Required fall in inventories

On February 28, the EIA (U.S. Energy Information Administration) is scheduled to release its natural gas inventory report for the week ending February 22. Any fall by more than ~86 Bcf (billion cubic feet) could cause the inventories spread to expand more into the negative territory. Reuters analysts expect a larger draw of 157 Bcf, which would expand the negative inventories spread by 3.6 percentage points and might support natural gas prices. The inventories spread is the difference between natural gas inventories and their five-year average.

Natural Gas Prices Might Rise after the EIA’s Inventory Data

Inventories spread and natural gas prices

In the week ending February 15, the inventories spread was -17.5%. During this period, the inventories spread expanded by ~2.5 percentage points compared to the previous week. On February 21, the EIA reported the natural gas inventory data for the week ending February 15.

Natural gas inventories spread and stocks

The natural gas price is usually inversely related to the inventories spread. However, the relationship seems to be more biased toward a price downside when inventories rise above the five-year average. The market might be confident about having enough future supply instead of being concerned about demand getting out of hand.

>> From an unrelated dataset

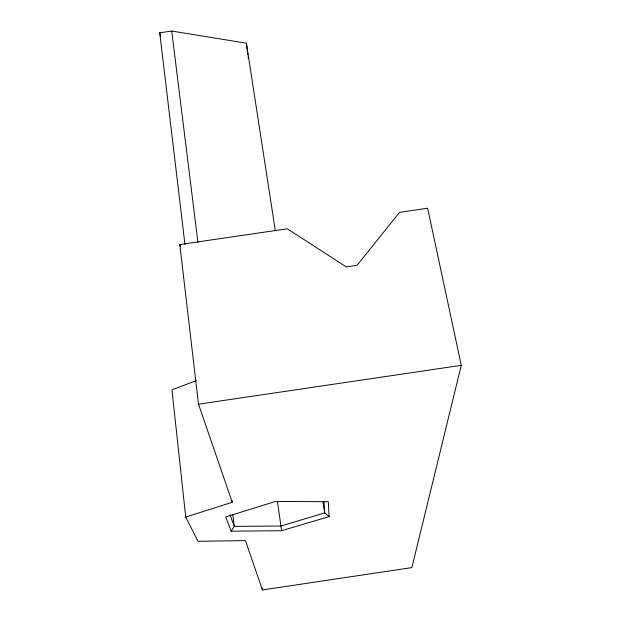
<?xml version="1.0" encoding="UTF-8"?>
<svg xmlns="http://www.w3.org/2000/svg" width="621" height="621" viewBox="0 0 621 621"><rect width="100%" height="100%" fill="white"/><g stroke="black" fill="none" stroke-linecap="round" stroke-linejoin="round"><path stroke-width="0.93" d="M185.726 517.06L232.254 502.28L198.503 404.193L179.795 244.55L287.275 228.792L346.27 266.867L357.106 265.276L399.582 212.335L427.628 208.229L461.271 365.334L411.855 567.61L262.419 589.95L245.442 540.619L197.99 541.279L185.726 517.06L171.955 389.872L196.283 380.58M231.175 531.188L225.757 516.928L275.367 501.473L328.284 501.667L329.099 516.602L281.616 530.707L231.175 531.188L234.303 526.375L232.875 514.871M198.503 404.193L461.271 365.334M184.949 244.418L159.729 32.781L171.706 31.05L246.397 43.183L275.313 230.608M329.099 516.602L324.713 512.907L322.92 501.473M230.096 514.825L234.303 526.375L280.886 526.026L324.713 512.907L323.952 501.791M179.795 244.55L180.315 246.405M159.729 32.781L160.606 36.561M281.616 530.707L277.455 501.628M262.171 588.04L262.419 589.95M246.397 43.183L247.857 54.71M248.105 56.635L248.346 58.553M232.013 500.363L232.254 502.28M171.706 31.05L197.959 242.508"/></g></svg>

Since February 21, the natural gas April futures have risen 2.6%. During the same period, natural gas–weighted stocks Gulfport Energy (GPOR), Chesapeake Energy  (CHK), Southwestern Energy (SWN), and Cabot Oil & Gas (COG) rose 0.3%, 1.2%, 1.4%, and 2.3%, respectively, and outperformed their peers. Natural gas prices are important for these upstream stocks. The factors discussed in Part 1 might have supported natural gas prices apart from an expansion in the inventories spread.